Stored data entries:
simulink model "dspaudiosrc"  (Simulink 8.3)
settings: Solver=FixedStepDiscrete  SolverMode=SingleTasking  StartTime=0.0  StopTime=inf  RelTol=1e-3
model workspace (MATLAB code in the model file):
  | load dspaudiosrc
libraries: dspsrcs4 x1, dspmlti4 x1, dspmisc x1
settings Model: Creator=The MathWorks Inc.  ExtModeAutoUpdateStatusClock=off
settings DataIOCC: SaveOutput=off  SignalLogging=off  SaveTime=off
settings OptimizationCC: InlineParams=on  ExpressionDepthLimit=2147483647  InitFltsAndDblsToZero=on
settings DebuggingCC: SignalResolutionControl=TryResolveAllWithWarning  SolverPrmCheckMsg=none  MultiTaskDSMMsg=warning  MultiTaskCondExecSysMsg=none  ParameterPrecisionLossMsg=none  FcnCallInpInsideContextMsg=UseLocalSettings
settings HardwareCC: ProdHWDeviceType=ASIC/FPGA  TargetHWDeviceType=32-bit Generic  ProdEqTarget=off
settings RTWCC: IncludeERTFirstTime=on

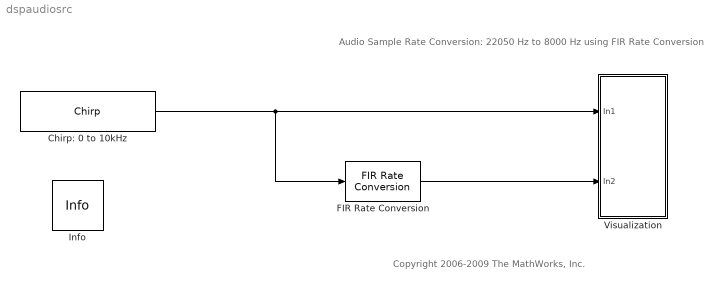
== system dspaudiosrc ==
  note: Audio Sample Rate Conversion:
      | 22050 Hz to 8000 Hz using FIR Rate Conversion
  note: Copyright 2006-2009 The MathWorks, Inc.
  Chirp: 0 to 10kHz : dspsrcs4/Chirp  sweep=Linear  mode=Bidirectional  f0=0  f1=10000  t1=10  Tsweep=10  phase=0  Ts=1/22050  spf=441  datatype=Double
  FIR Rate Conversion : dspmlti4/FIR Rate Conversion  Tag=BlockMethodSubSystem  L=160  h=b  M=441  firstCoeffMode=Specify word length  firstCoeffWordLength=16  firstCoeffFracLength=0  firstCoeffDataTypeStr=fixdt(1,16)  firstCoeffLastDataTypeStr=fixdt(1,16)  firstCoeffMin=[]  firstCoeffMax=[]  outputMode=Binary point scaling  outputWordLength=16  outputFracLength=15  outputDataTypeStr=fixdt(1,16,15)  outputLastDataTypeStr=fixdt(1,16,15)  outputMin=[]  outputMax=[]  accumMode=Binary point scaling  accumWordLength=32  accumFracLength=30  accumDataTypeStr=fixdt(1,32,30)  accumLastDataTypeStr=fixdt(1,32,30)  roundingMode=Nearest  overflowMode=on  FilterSource=Specify via dialog  FilterObject=Hm_firsrc
  Info : dspmisc/Info  SystemSampleTime=-1
  Visualization : Subsystem
      mask Display: disp('SCOPES')
  wires:
  Chirp: 0 to 10kHz/1 -> Visualization/1(In1), FIR Rate Conversion/1
  FIR Rate Conversion/1 -> Visualization/2(In2)

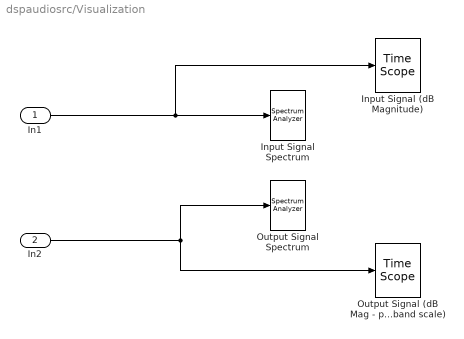
== system dspaudiosrc/Visualization ==
  In1 : Inport
  In2 : Inport  Port=2
  Input Signal (dB Magnitude) : TimeScope  DefaultConfigurationName=spbscopes.TimeScopeBlockCfg  ScopeSpecification=DataTag0
  Input Signal Spectrum : SpectrumAnalyzer  ScopeSpecification=DataTag1
  Output Signal (dB Mag - passband scale) : TimeScope  DefaultConfigurationName=spbscopes.TimeScopeBlockCfg  ScopeSpecification=DataTag2
  Output Signal Spectrum : SpectrumAnalyzer  ScopeSpecification=DataTag3
  wires:
  In1/1 -> Input Signal Spectrum/1, Input Signal (dB Magnitude)/1
  In2/1 -> Output Signal Spectrum/1, Output Signal (dB Mag - passband scale)/1

__HOW TO COMPLETE THIS TASK__. State the number of lines in these entries that include the string "Input". Provide nothing beyond that number.

__ANSWER BOX__. 3